Minimum Detection Efficiencies for a Loophole-Free Bell-type Test

TL;DR

This paper identifies optimal conditions for closing the detection loophole in Bell tests, showing that perfect detection efficiency in one measurement suffices for a loophole-free test across many non-maximally entangled states.

Contribution

It derives a new Eberhard-like inequality and demonstrates that only one measurement needs perfect detection efficiency to close the loophole for numerous entangled states.

Findings

Perfect detection efficiency in one measurement suffices for loophole closure.

Loophole-free tests tolerate a certain level of noise.

Applicable to a wide range of non-maximally entangled states.

Abstract

We discuss the problem of finding the most favorable conditions for closing the detection loophole in a test of local realism with a Bell inequality.

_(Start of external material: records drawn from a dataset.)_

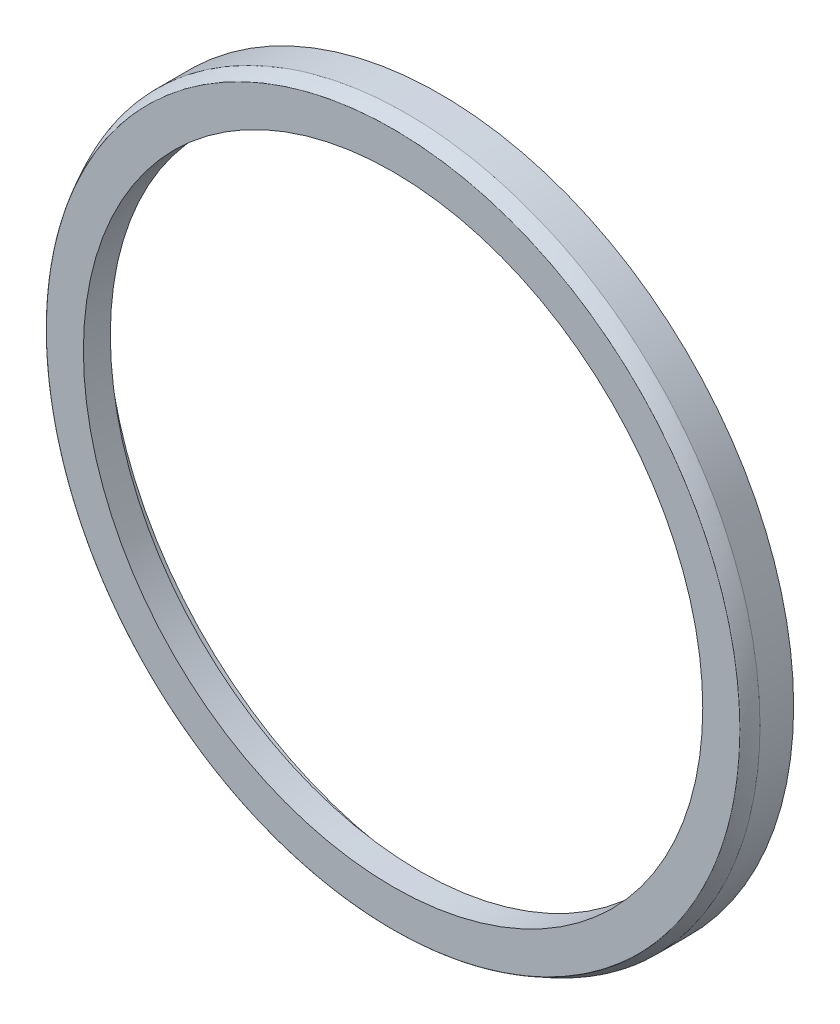
ISO-10303-21;
HEADER;
FILE_DESCRIPTION(('STEP AP214'),'2;1');
FILE_NAME('part.step','',(''),(''),'','','');
FILE_SCHEMA(('AUTOMOTIVE_DESIGN { 1 0 10303 214 1 1 1 1 }'));
ENDSEC;
DATA;
#1=APPLICATION_CONTEXT('core data for automotive mechanical design processes');
#2=APPLICATION_PROTOCOL_DEFINITION('international standard','automotive_design',2000,#1);
#3=PRODUCT_CONTEXT('',#1,'mechanical');
#4=PRODUCT('Part','Part','',(#3));
#5=PRODUCT_RELATED_PRODUCT_CATEGORY('part','',(#4));
#6=PRODUCT_DEFINITION_FORMATION('','',#4);
#7=PRODUCT_DEFINITION_CONTEXT('part definition',#1,'design');
#8=PRODUCT_DEFINITION('design','',#6,#7);
#9=PRODUCT_DEFINITION_SHAPE('','',#8);
#10=(LENGTH_UNIT() NAMED_UNIT(*) SI_UNIT(.MILLI.,.METRE.));
#11=(NAMED_UNIT(*) PLANE_ANGLE_UNIT() SI_UNIT($,.RADIAN.));
#12=(NAMED_UNIT(*) SI_UNIT($,.STERADIAN.) SOLID_ANGLE_UNIT());
#13=UNCERTAINTY_MEASURE_WITH_UNIT(LENGTH_MEASURE(1.E-05),#10,'distance_accuracy_value','');
#14=(GEOMETRIC_REPRESENTATION_CONTEXT(3) GLOBAL_UNCERTAINTY_ASSIGNED_CONTEXT((#13)) GLOBAL_UNIT_ASSIGNED_CONTEXT((#10,
#11,#12)) REPRESENTATION_CONTEXT('',''));
#15=CARTESIAN_POINT('',(0.,0.,0.));
#16=DIRECTION('',(0.,0.,1.));
#17=DIRECTION('',(1.,0.,0.));
#18=AXIS2_PLACEMENT_3D('',#15,#16,#17);
#19=CARTESIAN_POINT('',(0.,0.,4.));
#20=DIRECTION('',(0.,0.,-1.));
#21=DIRECTION('',(-1.,0.,0.));
#22=AXIS2_PLACEMENT_3D('',#19,#20,#21);
#23=CYLINDRICAL_SURFACE('',#22,52.5);
#24=CARTESIAN_POINT('',(52.5,0.,2.));
#25=CARTESIAN_POINT('',(52.5,3.4361169646343,2.));
#26=CARTESIAN_POINT('',(52.1615803862874,6.87214896517834,2.));
#27=CARTESIAN_POINT('',(50.8208740560518,13.6123348465151,2.));
#28=CARTESIAN_POINT('',(49.8186204908821,16.9163220642137,2.));
#29=CARTESIAN_POINT('',(47.188730422803,23.2654383341207,2.));
#30=CARTESIAN_POINT('',(45.5611589486117,26.3104103931131,2.));
#31=CARTESIAN_POINT('',(41.7431503431556,32.0244640739452,2.));
#32=CARTESIAN_POINT('',(39.5528076189387,34.6934044056488,2.));
#33=CARTESIAN_POINT('',(34.6934044056488,39.5528076189387,2.));
#34=CARTESIAN_POINT('',(32.0244640739492,41.7431503431529,2.));
#35=CARTESIAN_POINT('',(26.310410393109,45.5611589486144,2.));
#36=CARTESIAN_POINT('',(23.2654383341166,47.1887304228047,2.));
#37=CARTESIAN_POINT('',(16.9163220642178,49.8186204908804,2.));
#38=CARTESIAN_POINT('',(13.6123348465117,50.8208740560524,2.));
#39=CARTESIAN_POINT('',(6.87214896518182,52.1615803862867,2.));
#40=CARTESIAN_POINT('',(3.43611696464792,52.5,2.));
#41=CARTESIAN_POINT('',(-3.43611696464791,52.5,2.));
#42=CARTESIAN_POINT('',(-6.87214896517669,52.1615803862877,2.));
#43=CARTESIAN_POINT('',(-13.6123348465167,50.8208740560515,2.));
#44=CARTESIAN_POINT('',(-16.9163220642178,49.8186204908804,2.));
#45=CARTESIAN_POINT('',(-23.2654383341166,47.1887304228047,2.));
#46=CARTESIAN_POINT('',(-26.310410393105,45.5611589486171,2.));
#47=CARTESIAN_POINT('',(-32.0244640739532,41.7431503431502,2.));
#48=CARTESIAN_POINT('',(-34.6934044056488,39.5528076189387,2.));
#49=CARTESIAN_POINT('',(-39.5528076189388,34.6934044056487,2.));
#50=CARTESIAN_POINT('',(-41.7431503431492,32.0244640739546,2.));
#51=CARTESIAN_POINT('',(-45.561158948618,26.3104103931037,2.));
#52=CARTESIAN_POINT('',(-47.1887304228046,23.2654383341167,2.));
#53=CARTESIAN_POINT('',(-49.8186204908804,16.9163220642179,2.));
#54=CARTESIAN_POINT('',(-50.8208740560519,13.6123348465145,2.));
#55=CARTESIAN_POINT('',(-52.1615803862873,6.872148965179,2.));
#56=CARTESIAN_POINT('',(-52.5,3.43611696464792,2.));
#57=CARTESIAN_POINT('',(-52.5,-3.43611696464791,2.));
#58=CARTESIAN_POINT('',(-52.1615803862872,-6.8721489651795,2.));
#59=CARTESIAN_POINT('',(-50.820874056052,-13.6123348465139,2.));
#60=CARTESIAN_POINT('',(-49.8186204908825,-16.9163220642127,2.));
#61=CARTESIAN_POINT('',(-47.1887304228026,-23.2654383341215,2.));
#62=CARTESIAN_POINT('',(-45.5611589486207,-26.3104103930996,2.));
#63=CARTESIAN_POINT('',(-41.7431503431466,-32.0244640739586,2.));
#64=CARTESIAN_POINT('',(-39.5528076189387,-34.6934044056488,2.));
#65=CARTESIAN_POINT('',(-34.6934044056487,-39.5528076189388,2.));
#66=CARTESIAN_POINT('',(-32.0244640739579,-41.743150343147,2.));
#67=CARTESIAN_POINT('',(-26.3104103931004,-45.5611589486202,2.));
#68=CARTESIAN_POINT('',(-23.265438334117,-47.1887304228045,2.));
#69=CARTESIAN_POINT('',(-16.9163220642176,-49.8186204908805,2.));
#70=CARTESIAN_POINT('',(-13.6123348465185,-50.8208740560511,2.));
#71=CARTESIAN_POINT('',(-6.87214896517507,-52.1615803862881,2.));
#72=CARTESIAN_POINT('',(-3.43611696464783,-52.5,2.));
#73=CARTESIAN_POINT('',(3.436116964648,-52.5,2.));
#74=CARTESIAN_POINT('',(6.87214896517496,-52.1615803862881,2.));
#75=CARTESIAN_POINT('',(13.6123348465184,-50.8208740560511,2.));
#76=CARTESIAN_POINT('',(16.9163220642133,-49.8186204908823,2.));
#77=CARTESIAN_POINT('',(23.265438334121,-47.1887304228029,2.));
#78=CARTESIAN_POINT('',(26.3104103930963,-45.5611589486229,2.));
#79=CARTESIAN_POINT('',(32.0244640739619,-41.7431503431443,2.));
#80=CARTESIAN_POINT('',(34.6934044056399,-39.5528076189476,2.));
#81=CARTESIAN_POINT('',(39.5528076189474,-34.6934044056401,2.));
#82=CARTESIAN_POINT('',(41.7431503431524,-32.0244640739499,2.));
#83=CARTESIAN_POINT('',(45.5611589486148,-26.3104103931085,2.));
#84=CARTESIAN_POINT('',(47.1887304228007,-23.2654383341261,2.));
#85=CARTESIAN_POINT('',(49.8186204908843,-16.9163220642084,2.));
#86=CARTESIAN_POINT('',(50.8208740560517,-13.6123348465157,2.));
#87=CARTESIAN_POINT('',(52.1615803862875,-6.87214896517789,2.));
#88=CARTESIAN_POINT('',(52.5,-3.4361169646343,2.));
#89=CARTESIAN_POINT('',(52.5,0.,2.));
#90=(BOUNDED_CURVE() B_SPLINE_CURVE(3,(#24,#25,#26,#27,#28,#29,#30,#31,#32,#33,#34,#35,#36,#37,
#38,#39,#40,#41,#42,#43,#44,#45,#46,#47,#48,#49,#50,#51,#52,#53,#54,#55,#56,#57,#58,#59,#60,#61,
#62,#63,#64,#65,#66,#67,#68,#69,#70,#71,#72,#73,#74,#75,#76,#77,#78,#79,#80,#81,#82,#83,#84,#85,
#86,#87,#88,#89),.UNSPECIFIED.,.T.,.F.) B_SPLINE_CURVE_WITH_KNOTS((4,2,2,2,2,2,2,2,2,2,2,2,2,2,
2,2,2,2,2,2,2,2,2,2,2,2,2,2,2,2,2,2,4),(0.,0.196349540849362,0.392699081698724,
0.589048622548086,0.785398163397448,0.98174770424681,1.17809724509617,1.37444678594553,
1.5707963267949,1.76714586764426,1.96349540849362,2.15984494934298,2.35619449019234,
2.55254403104171,2.74889357189107,2.94524311274043,3.14159265358979,3.33794219443916,
3.53429173528852,3.73064127613788,3.92699081698724,4.1233403578366,4.31968989868597,
4.51603943953533,4.71238898038469,4.90873852123405,5.10508806208341,5.30143760293278,
5.49778714378214,5.6941366846315,5.89048622548086,6.08683576633022,6.28318530717959),
.UNSPECIFIED.) CURVE() GEOMETRIC_REPRESENTATION_ITEM() RATIONAL_B_SPLINE_CURVE((1.,1.,1.,1.,1.,
1.,1.,1.,1.,1.,1.,1.,1.,1.,1.,1.,1.,1.,1.,1.,1.,1.,1.,1.,1.,1.,1.,1.,1.,1.,1.,1.,1.,1.,1.,1.,1.,
1.,1.,1.,1.,1.,1.,1.,1.,1.,1.,1.,1.,1.,1.,1.,1.,1.,1.,1.,1.,1.,1.,1.,1.,1.,1.,1.,1.,1.)) REPRESENTATION_ITEM(''));
#91=CARTESIAN_POINT('',(52.5,0.,2.));
#92=VERTEX_POINT('',#91);
#93=EDGE_CURVE('E11',#92,#92,#90,.F.);
#94=ORIENTED_EDGE('',*,*,#93,.T.);
#95=EDGE_LOOP('',(#94));
#96=FACE_BOUND('',#95,.T.);
#97=CARTESIAN_POINT('',(0.,0.,-3.));
#98=DIRECTION('',(0.,0.,-1.));
#99=DIRECTION('',(-1.,0.,0.));
#100=AXIS2_PLACEMENT_3D('',#97,#98,#99);
#101=CIRCLE('',#100,52.5);
#102=CARTESIAN_POINT('',(-52.5,0.,-3.));
#103=VERTEX_POINT('',#102);
#104=EDGE_CURVE('E54',#103,#103,#101,.T.);
#105=ORIENTED_EDGE('',*,*,#104,.F.);
#106=EDGE_LOOP('',(#105));
#107=FACE_BOUND('',#106,.T.);
#108=ADVANCED_FACE('F36',(#96,#107),#23,.T.);
#109=CARTESIAN_POINT('',(0.,0.,4.));
#110=DIRECTION('',(0.,0.,1.));
#111=DIRECTION('',(1.,0.,0.));
#112=AXIS2_PLACEMENT_3D('',#109,#110,#111);
#113=PLANE('',#112);
#114=CARTESIAN_POINT('',(51.5,0.,4.));
#115=CARTESIAN_POINT('',(51.5000000108444,-0.842667580530355,4.));
#116=CARTESIAN_POINT('',(51.4792516281536,-1.68532907422174,4.));
#117=CARTESIAN_POINT('',(51.3964570643939,-3.36862290645829,4.));
#118=CARTESIAN_POINT('',(51.3344108195161,-4.2092552418662,4.));
#119=CARTESIAN_POINT('',(51.1692195213051,-5.88647115959471,4.));
#120=CARTESIAN_POINT('',(51.0660744679718,-6.7230547419153,4.));
#121=CARTESIAN_POINT('',(50.8188834480993,-8.39015868401936,4.));
#122=CARTESIAN_POINT('',(50.6748375447559,-9.22067905316905,4.));
#123=CARTESIAN_POINT('',(50.3460463367769,-10.8736241144916,4.));
#124=CARTESIAN_POINT('',(50.1613010321413,-11.6960488066645,4.));
#125=CARTESIAN_POINT('',(49.7517026451894,-13.330848040329,4.));
#126=CARTESIAN_POINT('',(49.5268495009034,-14.1432225662904,4.));
#127=CARTESIAN_POINT('',(49.0376238106161,-15.7559835342634,4.));
#128=CARTESIAN_POINT('',(48.7732512646147,-16.5563699762751,4.));
#129=CARTESIAN_POINT('',(48.2055740800055,-18.1432165399242,4.));
#130=CARTESIAN_POINT('',(47.9022695015519,-18.9296766830772,4.));
#131=CARTESIAN_POINT('',(47.2573223471105,-20.4867168505273,4.));
#132=CARTESIAN_POINT('',(46.9156797711227,-21.2572968748245,4.));
#133=CARTESIAN_POINT('',(46.1950181915309,-22.7807752278869,4.));
#134=CARTESIAN_POINT('',(45.8159991301777,-23.5336735293306,4.));
#135=CARTESIAN_POINT('',(45.0215397182715,-25.0200025475314,4.));
#136=CARTESIAN_POINT('',(44.6060993677184,-25.7534332642886,4.));
#137=CARTESIAN_POINT('',(43.7397515338071,-27.1990406921076,4.));
#138=CARTESIAN_POINT('',(43.2888441052498,-27.911217436007,4.));
#139=CARTESIAN_POINT('',(42.3525259619122,-29.3125165650122,4.));
#140=CARTESIAN_POINT('',(41.867115247132,-30.0016389501178,4.));
#141=CARTESIAN_POINT('',(40.8630850952229,-31.3552499942351,4.));
#142=CARTESIAN_POINT('',(40.3444656067847,-32.0197386151837,4.));
#143=CARTESIAN_POINT('',(39.2753031029285,-33.3225168955602,4.));
#144=CARTESIAN_POINT('',(38.7247600875105,-33.9608065549882,4.));
#145=CARTESIAN_POINT('',(37.5930348656984,-35.2096209635434,4.));
#146=CARTESIAN_POINT('',(37.0118527066458,-35.8201457555684,4.));
#147=CARTESIAN_POINT('',(35.8201457555687,-37.0118527066459,4.));
#148=CARTESIAN_POINT('',(35.2096209635442,-37.5930348656985,4.));
#149=CARTESIAN_POINT('',(33.9608065549905,-38.7247600875106,4.));
#150=CARTESIAN_POINT('',(33.3225168955636,-39.2753031029287,4.));
#151=CARTESIAN_POINT('',(32.0197386151885,-40.3444656067851,4.));
#152=CARTESIAN_POINT('',(31.3552499942402,-40.8630850952235,4.));
#153=CARTESIAN_POINT('',(30.0016389501212,-41.8671152471325,4.));
#154=CARTESIAN_POINT('',(29.3125165650134,-42.3525259619125,4.));
#155=CARTESIAN_POINT('',(27.9112174360057,-43.2888441052496,4.));
#156=CARTESIAN_POINT('',(27.1990406921058,-43.7397515338068,4.));
#157=CARTESIAN_POINT('',(25.7534332642817,-44.606099367718,4.));
#158=CARTESIAN_POINT('',(25.0200025475199,-45.0215397182712,4.));
#159=CARTESIAN_POINT('',(23.5336735293337,-45.8159991301777,4.));
#160=CARTESIAN_POINT('',(22.7807752279093,-46.1950181915311,4.));
#161=CARTESIAN_POINT('',(21.2572968747983,-46.9156797711227,4.));
#162=CARTESIAN_POINT('',(20.4867168504332,-47.2573223471102,4.));
#163=CARTESIAN_POINT('',(18.9296766831704,-47.9022695015526,4.));
#164=CARTESIAN_POINT('',(18.1432165402725,-48.2055740800075,4.));
#165=CARTESIAN_POINT('',(16.5563699759264,-48.7732512646161,4.));
#166=CARTESIAN_POINT('',(15.7559835329627,-49.0376238106156,4.));
#167=CARTESIAN_POINT('',(14.143222567591,-49.5268495009126,4.));
#168=CARTESIAN_POINT('',(13.3308480451831,-49.7517026452101,4.));
#169=CARTESIAN_POINT('',(11.6960488018106,-50.1613010321305,4.));
#170=CARTESIAN_POINT('',(10.8736240963764,-50.346046336723,4.));
#171=CARTESIAN_POINT('',(9.22067907128455,-50.6748375448097,4.));
#172=CARTESIAN_POINT('',(8.39015875162687,-50.8188834483038,4.));
#173=CARTESIAN_POINT('',(6.72305467431141,-51.0660744677575,4.));
#174=CARTESIAN_POINT('',(5.88647090728705,-51.1692195205214,4.));
#175=CARTESIAN_POINT('',(4.20925549418297,-51.3344108202912,4.));
#176=CARTESIAN_POINT('',(3.36862384810326,-51.3964570672972,4.));
#177=CARTESIAN_POINT('',(1.68532813258754,-51.4792516252471,4.));
#178=CARTESIAN_POINT('',(0.842664066293814,-51.4999999999998,4.));
#179=CARTESIAN_POINT('',(-0.842664066293651,-51.5000000000002,4.));
#180=CARTESIAN_POINT('',(-1.68532813258738,-51.4792516252479,4.));
#181=CARTESIAN_POINT('',(-3.36862384810315,-51.3964570672996,4.));
#182=CARTESIAN_POINT('',(-4.2092554941829,-51.3344108202948,4.));
#183=CARTESIAN_POINT('',(-5.88647090728711,-51.1692195205265,4.));
#184=CARTESIAN_POINT('',(-6.72305467431157,-51.0660744677631,4.));
#185=CARTESIAN_POINT('',(-8.39015875162713,-50.818883448308,4.));
#186=CARTESIAN_POINT('',(-9.2206790712848,-50.6748375448119,4.));
#187=CARTESIAN_POINT('',(-10.8736240963768,-50.3460463367207,4.));
#188=CARTESIAN_POINT('',(-11.6960488018111,-50.1613010321254,4.));
#189=CARTESIAN_POINT('',(-13.3308480451843,-49.7517026452019,4.));
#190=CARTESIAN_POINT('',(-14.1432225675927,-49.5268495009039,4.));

For a generic non-maximally entangled two-qubit state and two alternative measurement bases we apply Hardy's proof of non-locality without inequality and derive an Eberhard-like inequality. For an infinity of non-maximally entangled states we find that it is possible to refute local realism by requiring perfect detection efficiency for only one of the two measurements: the test is free from the detection loophole for any value of the detection efficiency corresponding to the other measurement. The maximum tolerable noise in a loophole-free test is also evaluated.